= The problem =
Of all the lines below, return only those starting with the line holding "#75=VERTEX_POINT('',#74);" and going on through the line holding "#84=EDGE_LOOP('',(#61,#69,#77,#83));", exactly as written.

= Material for this exercise =
┌──

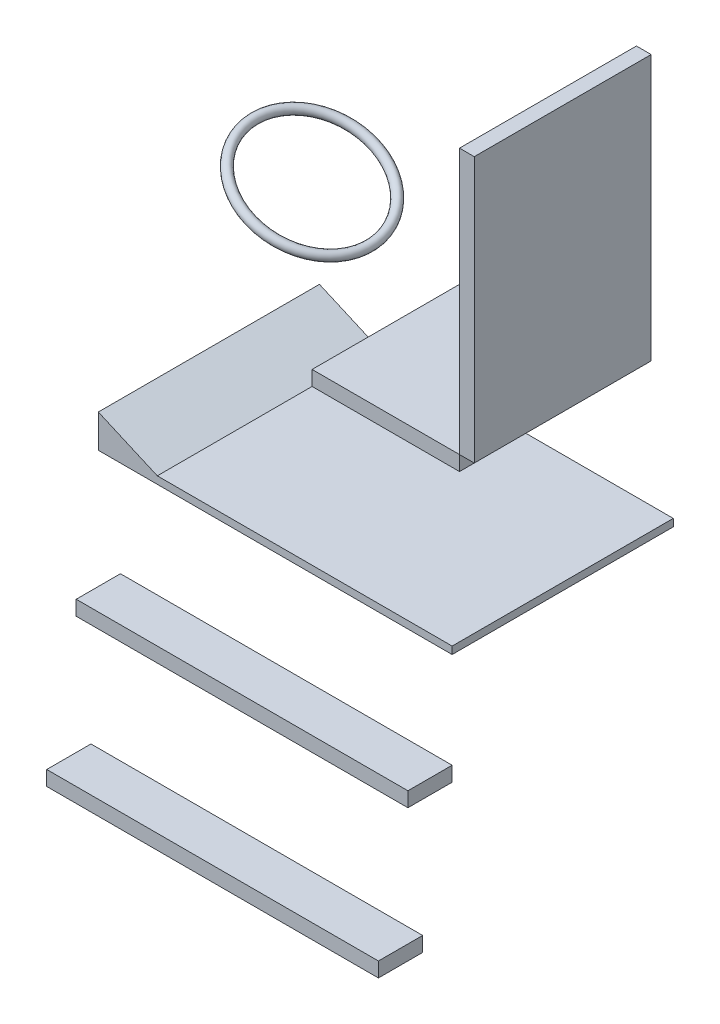
ISO-10303-21;
HEADER;
FILE_DESCRIPTION(('STEP AP214'),'2;1');
FILE_NAME('part.step','',(''),(''),'','','');
FILE_SCHEMA(('AUTOMOTIVE_DESIGN { 1 0 10303 214 1 1 1 1 }'));
ENDSEC;
DATA;
#1=APPLICATION_CONTEXT('core data for automotive mechanical design processes');
#2=APPLICATION_PROTOCOL_DEFINITION('international standard','automotive_design',2000,#1);
#3=PRODUCT_CONTEXT('',#1,'mechanical');
#4=PRODUCT('Part','Part','',(#3));
#5=PRODUCT_RELATED_PRODUCT_CATEGORY('part','',(#4));
#6=PRODUCT_DEFINITION_FORMATION('','',#4);
#7=PRODUCT_DEFINITION_CONTEXT('part definition',#1,'design');
#8=PRODUCT_DEFINITION('design','',#6,#7);
#9=PRODUCT_DEFINITION_SHAPE('','',#8);
#10=(LENGTH_UNIT() NAMED_UNIT(*) SI_UNIT(.MILLI.,.METRE.));
#11=(NAMED_UNIT(*) PLANE_ANGLE_UNIT() SI_UNIT($,.RADIAN.));
#12=(NAMED_UNIT(*) SI_UNIT($,.STERADIAN.) SOLID_ANGLE_UNIT());
#13=UNCERTAINTY_MEASURE_WITH_UNIT(LENGTH_MEASURE(1.E-05),#10,'distance_accuracy_value','');
#14=(GEOMETRIC_REPRESENTATION_CONTEXT(3) GLOBAL_UNCERTAINTY_ASSIGNED_CONTEXT((#13)) GLOBAL_UNIT_ASSIGNED_CONTEXT((#10,
#11,#12)) REPRESENTATION_CONTEXT('',''));
#15=CARTESIAN_POINT('',(0.,0.,0.));
#16=DIRECTION('',(0.,0.,1.));
#17=DIRECTION('',(1.,0.,0.));
#18=AXIS2_PLACEMENT_3D('',#15,#16,#17);
#19=CARTESIAN_POINT('',(355.375295826059,2032.10478127713,-381.));
#20=DIRECTION('',(-0.422618261740694,-0.906307787036653,0.));
#21=DIRECTION('',(0.906307787036653,-0.422618261740694,0.));
#22=AXIS2_PLACEMENT_3D('',#19,#20,#21);
#23=TOROIDAL_SURFACE('',#22,217.4875,15.875);
#24=CARTESIAN_POINT('',(158.264680992925,2124.01897047746,-381.));
#25=DIRECTION('',(0.,0.,1.));
#26=DIRECTION('',(1.,0.,0.));
#27=AXIS2_PLACEMENT_3D('',#24,#25,#26);
#28=CIRCLE('',#27,15.875);
#29=CARTESIAN_POINT('',(143.877044873718,2130.72803538259,-381.));
#30=VERTEX_POINT('',#29);
#31=EDGE_CURVE('E11',#30,#30,#28,.T.);
#32=CARTESIAN_POINT('',(355.375295826059,2032.10478127713,-381.));
#33=DIRECTION('',(-0.422618261740694,-0.906307787036653,0.));
#34=DIRECTION('',(0.906307787036653,-0.422618261740694,0.));
#35=AXIS2_PLACEMENT_3D('',#32,#33,#34);
#36=CIRCLE('',#35,233.3625);
#37=EDGE_CURVE('',#30,#30,#36,.T.);
#38=ORIENTED_EDGE('',*,*,#31,.F.);
#39=ORIENTED_EDGE('',*,*,#31,.T.);
#40=ORIENTED_EDGE('',*,*,#37,.T.);
#41=ORIENTED_EDGE('',*,*,#37,.F.);
#42=EDGE_LOOP('',(#38,#40,#39,#41));
#43=FACE_BOUND('',#42,.T.);
#44=ADVANCED_FACE('F54',(#43),#23,.T.);
#45=CLOSED_SHELL('',(#44));
#46=MANIFOLD_SOLID_BREP('B2',#45);
#47=CARTESIAN_POINT('',(0.,1244.6,0.));
#48=DIRECTION('',(1.,0.,0.));
#49=DIRECTION('',(0.,0.,-1.));
#50=AXIS2_PLACEMENT_3D('',#47,#48,#49);
#51=PLANE('',#50);
#52=DIRECTION('',(0.,0.,-1.));
#53=VECTOR('',#52,1.);
#54=CARTESIAN_POINT('',(0.,1358.9,0.));
#55=LINE('',#54,#53);
#56=CARTESIAN_POINT('',(0.,1358.9,0.));
#57=VERTEX_POINT('',#56);
#58=CARTESIAN_POINT('',(0.,1358.9,-762.));
#59=VERTEX_POINT('',#58);
#60=EDGE_CURVE('E147',#57,#59,#55,.T.);
#61=ORIENTED_EDGE('',*,*,#60,.T.);
#62=DIRECTION('',(0.,-1.,0.));
#63=VECTOR('',#62,1.);
#64=CARTESIAN_POINT('',(0.,1244.6,-762.));
#65=LINE('',#64,#63);
#66=CARTESIAN_POINT('',(0.,1244.6,-762.));
#67=VERTEX_POINT('',#66);
#68=EDGE_CURVE('E140',#59,#67,#65,.T.);
#69=ORIENTED_EDGE('',*,*,#68,.T.);
#70=DIRECTION('',(0.,0.,-1.));
#71=VECTOR('',#70,1.);
#72=CARTESIAN_POINT('',(0.,1244.6,0.));
#73=LINE('',#72,#71);
#74=CARTESIAN_POINT('',(0.,1244.6,0.));
#75=VERTEX_POINT('',#74);
#76=EDGE_CURVE('E52',#75,#67,#73,.T.);
#77=ORIENTED_EDGE('',*,*,#76,.F.);
#78=DIRECTION('',(0.,-1.,0.));
#79=VECTOR('',#78,1.);
#80=CARTESIAN_POINT('',(0.,1244.6,0.));
#81=LINE('',#80,#79);
#82=EDGE_CURVE('E160',#57,#75,#81,.T.);
#83=ORIENTED_EDGE('',*,*,#82,.F.);
#84=EDGE_LOOP('',(#61,#69,#77,#83));
#85=FACE_BOUND('',#84,.T.);
#86=ADVANCED_FACE('F81',(#85),#51,.F.);
#87=CARTESIAN_POINT('',(1219.2,1244.6,0.));
#88=DIRECTION('',(0.,1.,0.));
#89=DIRECTION('',(-1.,0.,0.));
#90=AXIS2_PLACEMENT_3D('',#87,#88,#89);
#91=PLANE('',#90);
#92=ORIENTED_EDGE('',*,*,#76,.T.);
#93=DIRECTION('',(1.,0.,0.));
#94=VECTOR('',#93,1.);
#95=CARTESIAN_POINT('',(1219.2,1244.6,-762.));
#96=LINE('',#95,#94);
#97=CARTESIAN_POINT('',(1219.2,1244.6,-762.));
#98=VERTEX_POINT('',#97);
#99=EDGE_CURVE('E130',#67,#98,#96,.T.);
#100=ORIENTED_EDGE('',*,*,#99,.T.);
#101=DIRECTION('',(0.,0.,-1.));
#102=VECTOR('',#101,1.);
#103=CARTESIAN_POINT('',(1219.2,1244.6,0.));
#104=LINE('',#103,#102);
#105=CARTESIAN_POINT('',(1219.2,1244.6,0.));
#106=VERTEX_POINT('',#105);
#107=EDGE_CURVE('E89',#106,#98,#104,.T.);
#108=ORIENTED_EDGE('',*,*,#107,.F.);
#109=DIRECTION('',(1.,0.,0.));
#110=VECTOR('',#109,1.);
#111=CARTESIAN_POINT('',(1219.2,1244.6,0.));
#112=LINE('',#111,#110);
#113=EDGE_CURVE('E131',#75,#106,#112,.T.);
#114=ORIENTED_EDGE('',*,*,#113,.F.);
#115=EDGE_LOOP('',(#92,#100,#108,#114));
#116=FACE_BOUND('',#115,.T.);
#117=ADVANCED_FACE('F128',(#116),#91,.F.);
#118=CARTESIAN_POINT('',(1219.2,1270.,0.));
#119=DIRECTION('',(-1.,0.,0.));
#120=DIRECTION('',(0.,0.,1.));
#121=AXIS2_PLACEMENT_3D('',#118,#119,#120);
#122=PLANE('',#121);
#123=ORIENTED_EDGE('',*,*,#107,.T.);
#124=DIRECTION('',(0.,1.,0.));
#125=VECTOR('',#124,1.);
#126=CARTESIAN_POINT('',(1219.2,1270.,-762.));
#127=LINE('',#126,#125);
#128=CARTESIAN_POINT('',(1219.2,1270.,-762.));
#129=VERTEX_POINT('',#128);
#130=EDGE_CURVE('E144',#98,#129,#127,.T.);
#131=ORIENTED_EDGE('',*,*,#130,.T.);
#132=DIRECTION('',(0.,0.,-1.));
#133=VECTOR('',#132,1.);
#134=CARTESIAN_POINT('',(1219.2,1270.,0.));
#135=LINE('',#134,#133);
#136=CARTESIAN_POINT('',(1219.2,1270.,0.));
#137=VERTEX_POINT('',#136);
#138=EDGE_CURVE('E177',#137,#129,#135,.T.);
#139=ORIENTED_EDGE('',*,*,#138,.F.);
#140=DIRECTION('',(0.,1.,0.));
#141=VECTOR('',#140,1.);
#142=CARTESIAN_POINT('',(1219.2,1270.,0.));
#143=LINE('',#142,#141);
#144=EDGE_CURVE('E165',#106,#137,#143,.T.);
#145=ORIENTED_EDGE('',*,*,#144,.F.);
#146=EDGE_LOOP('',(#123,#131,#139,#145));
#147=FACE_BOUND('',#146,.T.);
#148=ADVANCED_FACE('F182',(#147),#122,.F.);
#149=CARTESIAN_POINT('',(203.2,1270.,0.));
#150=DIRECTION('',(0.,-1.,0.));
#151=DIRECTION('',(0.,0.,-1.));
#152=AXIS2_PLACEMENT_3D('',#149,#150,#151);
#153=PLANE('',#152);
#154=ORIENTED_EDGE('',*,*,#138,.T.);
#155=DIRECTION('',(-1.,0.,0.));
#156=VECTOR('',#155,1.);
#157=CARTESIAN_POINT('',(203.2,1270.,-762.));
#158=LINE('',#157,#156);
#159=CARTESIAN_POINT('',(203.2,1270.,-762.));
#160=VERTEX_POINT('',#159);
#161=EDGE_CURVE('E153',#129,#160,#158,.T.);
#162=ORIENTED_EDGE('',*,*,#161,.T.);
#163=DIRECTION('',(0.,0.,-1.));
#164=VECTOR('',#163,1.);
#165=CARTESIAN_POINT('',(203.2,1270.,0.));
#166=LINE('',#165,#164);
#167=CARTESIAN_POINT('',(203.2,1270.,0.));
#168=VERTEX_POINT('',#167);
#169=EDGE_CURVE('E174',#168,#160,#166,.T.);
#170=ORIENTED_EDGE('',*,*,#169,.F.);
#171=DIRECTION('',(-1.,0.,0.));
#172=VECTOR('',#171,1.);
#173=CARTESIAN_POINT('',(203.2,1270.,0.));
#174=LINE('',#173,#172);
#175=EDGE_CURVE('E101',#137,#168,#174,.T.);
#176=ORIENTED_EDGE('',*,*,#175,.F.);
#177=EDGE_LOOP('',(#154,#162,#170,#176));
#178=FACE_BOUND('',#177,.T.);
#179=ADVANCED_FACE('F193',(#178),#153,.F.);
#180=CARTESIAN_POINT('',(0.,1358.9,0.));
#181=DIRECTION('',(-0.400818834019708,-0.916157334902189,0.));
#182=DIRECTION('',(0.916157334902189,-0.400818834019708,0.));
#183=AXIS2_PLACEMENT_3D('',#180,#181,#182);
#184=PLANE('',#183);
#185=ORIENTED_EDGE('',*,*,#169,.T.);
#186=DIRECTION('',(-0.916157334902189,0.400818834019708,0.));
#187=VECTOR('',#186,1.);
#188=CARTESIAN_POINT('',(0.,1358.9,-762.));
#189=LINE('',#188,#187);
#190=EDGE_CURVE('E157',#160,#59,#189,.T.);
#191=ORIENTED_EDGE('',*,*,#190,.T.);
#192=ORIENTED_EDGE('',*,*,#60,.F.);
#193=DIRECTION('',(-0.916157334902189,0.400818834019708,0.));
#194=VECTOR('',#193,1.);
#195=CARTESIAN_POINT('',(0.,1358.9,0.));
#196=LINE('',#195,#194);
#197=EDGE_CURVE('E96',#168,#57,#196,.T.);
#198=ORIENTED_EDGE('',*,*,#197,.F.);
#199=EDGE_LOOP('',(#185,#191,#192,#198));
#200=FACE_BOUND('',#199,.T.);
#201=ADVANCED_FACE('F186',(#200),#184,.F.);
#202=CARTESIAN_POINT('',(0.,0.,0.));
#203=DIRECTION('',(0.,0.,-1.));
#204=DIRECTION('',(-1.,0.,0.));
#205=AXIS2_PLACEMENT_3D('',#202,#203,#204);
#206=PLANE('',#205);
#207=ORIENTED_EDGE('',*,*,#82,.T.);
#208=ORIENTED_EDGE('',*,*,#113,.T.);
#209=ORIENTED_EDGE('',*,*,#144,.T.);
#210=ORIENTED_EDGE('',*,*,#175,.T.);
#211=ORIENTED_EDGE('',*,*,#197,.T.);
#212=EDGE_LOOP('',(#207,#208,#209,#210,#211));
#213=FACE_BOUND('',#212,.T.);
#214=ADVANCED_FACE('F184',(#213),#206,.F.);
#215=CARTESIAN_POINT('',(0.,0.,-762.));
#216=DIRECTION('',(0.,0.,-1.));
#217=DIRECTION('',(-1.,0.,0.));
#218=AXIS2_PLACEMENT_3D('',#215,#216,#217);
#219=PLANE('',#218);
#220=ORIENTED_EDGE('',*,*,#68,.F.);
#221=ORIENTED_EDGE('',*,*,#190,.F.);
#222=ORIENTED_EDGE('',*,*,#161,.F.);
#223=ORIENTED_EDGE('',*,*,#130,.F.);
#224=ORIENTED_EDGE('',*,*,#99,.F.);
#225=EDGE_LOOP('',(#220,#221,#222,#223,#224));
#226=FACE_BOUND('',#225,.T.);
#227=ADVANCED_FACE('F138',(#226),#219,.T.);
#228=CLOSED_SHELL('',(#86,#117,#148,#179,#201,#214,#227));
#229=MANIFOLD_SOLID_BREP('B6',#228);
#230=CARTESIAN_POINT('',(1219.2,2692.4,-76.2));
#231=DIRECTION('',(0.,-1.,0.));
#232=DIRECTION('',(0.,0.,-1.));
#233=AXIS2_PLACEMENT_3D('',#230,#231,#232);
#234=PLANE('',#233);
#235=DIRECTION('',(0.,0.,-1.));
#236=VECTOR('',#235,1.);
#237=CARTESIAN_POINT('',(1219.2,2692.4,-76.2));
#238=LINE('',#237,#236);
#239=CARTESIAN_POINT('',(1219.2,2692.4,-76.2));
#240=VERTEX_POINT('',#239);
#241=CARTESIAN_POINT('',(1219.2,2692.4,-685.8));
#242=VERTEX_POINT('',#241);
#243=EDGE_CURVE('E313',#240,#242,#238,.T.);
#244=ORIENTED_EDGE('',*,*,#243,.T.);
#245=DIRECTION('',(-1.,0.,0.));
#246=VECTOR('',#245,1.);
#247=CARTESIAN_POINT('',(1219.2,2692.4,-685.8));
#248=LINE('',#247,#246);
#249=CARTESIAN_POINT('',(1168.4,2692.4,-685.8));
#250=VERTEX_POINT('',#249);
#251=EDGE_CURVE('E308',#242,#250,#248,.T.);
#252=ORIENTED_EDGE('',*,*,#251,.T.);
#253=DIRECTION('',(0.,0.,-1.));
#254=VECTOR('',#253,1.);
#255=CARTESIAN_POINT('',(1168.4,2692.4,-76.2));
#256=LINE('',#255,#254);
#257=CARTESIAN_POINT('',(1168.4,2692.4,-76.2));
#258=VERTEX_POINT('',#257);
#259=EDGE_CURVE('E79',#258,#250,#256,.T.);
#260=ORIENTED_EDGE('',*,*,#259,.F.);
#261=DIRECTION('',(-1.,0.,0.));
#262=VECTOR('',#261,1.);
#263=CARTESIAN_POINT('',(1219.2,2692.4,-76.2));
#264=LINE('',#263,#262);
#265=EDGE_CURVE('E319',#240,#258,#264,.T.);
#266=ORIENTED_EDGE('',*,*,#265,.F.);
#267=EDGE_LOOP('',(#244,#252,#260,#266));
#268=FACE_BOUND('',#267,.T.);
#269=ADVANCED_FACE('F256',(#268),#234,.F.);
#270=CARTESIAN_POINT('',(1168.4,1778.,-76.2));
#271=DIRECTION('',(1.,0.,0.));
#272=DIRECTION('',(0.,0.,-1.));
#273=AXIS2_PLACEMENT_3D('',#270,#271,#272);
#274=PLANE('',#273);
#275=ORIENTED_EDGE('',*,*,#259,.T.);
#276=DIRECTION('',(0.,-1.,0.));
#277=VECTOR('',#276,1.);
#278=CARTESIAN_POINT('',(1168.4,1778.,-685.8));
#279=LINE('',#278,#277);
#280=CARTESIAN_POINT('',(1168.4,1778.,-685.8));
#281=VERTEX_POINT('',#280);
#282=EDGE_CURVE('E298',#250,#281,#279,.T.);
#283=ORIENTED_EDGE('',*,*,#282,.T.);
#284=DIRECTION('',(0.,0.,-1.));
#285=VECTOR('',#284,1.);
#286=CARTESIAN_POINT('',(1168.4,1778.,-76.2));
#287=LINE('',#286,#285);
#288=CARTESIAN_POINT('',(1168.4,1778.,-76.2));
#289=VERTEX_POINT('',#288);
#290=EDGE_CURVE('E263',#289,#281,#287,.T.);
#291=ORIENTED_EDGE('',*,*,#290,.F.);
#292=DIRECTION('',(0.,-1.,0.));
#293=VECTOR('',#292,1.);
#294=CARTESIAN_POINT('',(1168.4,1778.,-76.2));
#295=LINE('',#294,#293);
#296=EDGE_CURVE('E299',#258,#289,#295,.T.);
#297=ORIENTED_EDGE('',*,*,#296,.F.);
#298=EDGE_LOOP('',(#275,#283,#291,#297));
#299=FACE_BOUND('',#298,.T.);
#300=ADVANCED_FACE('F296',(#299),#274,.F.);
#301=CARTESIAN_POINT('',(1168.4,1778.,-76.2));
#302=DIRECTION('',(0.,1.,0.));
#303=DIRECTION('',(0.,0.,1.));
#304=AXIS2_PLACEMENT_3D('',#301,#302,#303);
#305=PLANE('',#304);
#306=ORIENTED_EDGE('',*,*,#290,.T.);
#307=DIRECTION('',(1.,0.,0.));
#308=VECTOR('',#307,1.);
#309=CARTESIAN_POINT('',(1168.4,1778.,-685.8));
#310=LINE('',#309,#308);
#311=CARTESIAN_POINT('',(1219.2,1778.,-685.8));
#312=VERTEX_POINT('',#311);
#313=EDGE_CURVE('E311',#281,#312,#310,.T.);
#314=ORIENTED_EDGE('',*,*,#313,.T.);
#315=DIRECTION('',(0.,0.,-1.));
#316=VECTOR('',#315,1.);
#317=CARTESIAN_POINT('',(1219.2,1778.,-76.2));
#318=LINE('',#317,#316);
#319=CARTESIAN_POINT('',(1219.2,1778.,-76.2));
#320=VERTEX_POINT('',#319);
#321=EDGE_CURVE('E325',#320,#312,#318,.T.);
#322=ORIENTED_EDGE('',*,*,#321,.F.);
#323=DIRECTION('',(1.,0.,0.));
#324=VECTOR('',#323,1.);
#325=CARTESIAN_POINT('',(1168.4,1778.,-76.2));
#326=LINE('',#325,#324);
#327=EDGE_CURVE('E275',#289,#320,#326,.T.);
#328=ORIENTED_EDGE('',*,*,#327,.F.);
#329=EDGE_LOOP('',(#306,#314,#322,#328));
#330=FACE_BOUND('',#329,.T.);
#331=ADVANCED_FACE('F327',(#330),#305,.F.);
#332=CARTESIAN_POINT('',(1219.2,1778.,-76.2));
#333=DIRECTION('',(-1.,0.,0.));
#334=DIRECTION('',(0.,-1.,0.));
#335=AXIS2_PLACEMENT_3D('',#332,#333,#334);
#336=PLANE('',#335);
#337=ORIENTED_EDGE('',*,*,#321,.T.);
#338=DIRECTION('',(0.,1.,0.));
#339=VECTOR('',#338,1.);
#340=CARTESIAN_POINT('',(1219.2,1778.,-685.8));
#341=LINE('',#340,#339);
#342=EDGE_CURVE('E317',#312,#242,#341,.T.);
#343=ORIENTED_EDGE('',*,*,#342,.T.);
#344=ORIENTED_EDGE('',*,*,#243,.F.);
#345=DIRECTION('',(0.,1.,0.));
#346=VECTOR('',#345,1.);
#347=CARTESIAN_POINT('',(1219.2,1778.,-76.2));
#348=LINE('',#347,#346);
#349=EDGE_CURVE('E270',#320,#240,#348,.T.);
#350=ORIENTED_EDGE('',*,*,#349,.F.);
#351=EDGE_LOOP('',(#337,#343,#344,#350));
#352=FACE_BOUND('',#351,.T.);
#353=ADVANCED_FACE('F329',(#352),#336,.F.);
#354=CARTESIAN_POINT('',(0.,0.,-76.2));
#355=DIRECTION('',(0.,0.,-1.));
#356=DIRECTION('',(-1.,0.,0.));
#357=AXIS2_PLACEMENT_3D('',#354,#355,#356);
#358=PLANE('',#357);
#359=ORIENTED_EDGE('',*,*,#265,.T.);
#360=ORIENTED_EDGE('',*,*,#296,.T.);
#361=ORIENTED_EDGE('',*,*,#327,.T.);
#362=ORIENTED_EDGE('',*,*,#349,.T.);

└──

= Solution for this problem =
#75=VERTEX_POINT('',#74);
#76=EDGE_CURVE('E52',#75,#67,#73,.T.);
#77=ORIENTED_EDGE('',*,*,#76,.F.);
#78=DIRECTION('',(0.,-1.,0.));
#79=VECTOR('',#78,1.);
#80=CARTESIAN_POINT('',(0.,1244.6,0.));
#81=LINE('',#80,#79);
#82=EDGE_CURVE('E160',#57,#75,#81,.T.);
#83=ORIENTED_EDGE('',*,*,#82,.F.);
#84=EDGE_LOOP('',(#61,#69,#77,#83));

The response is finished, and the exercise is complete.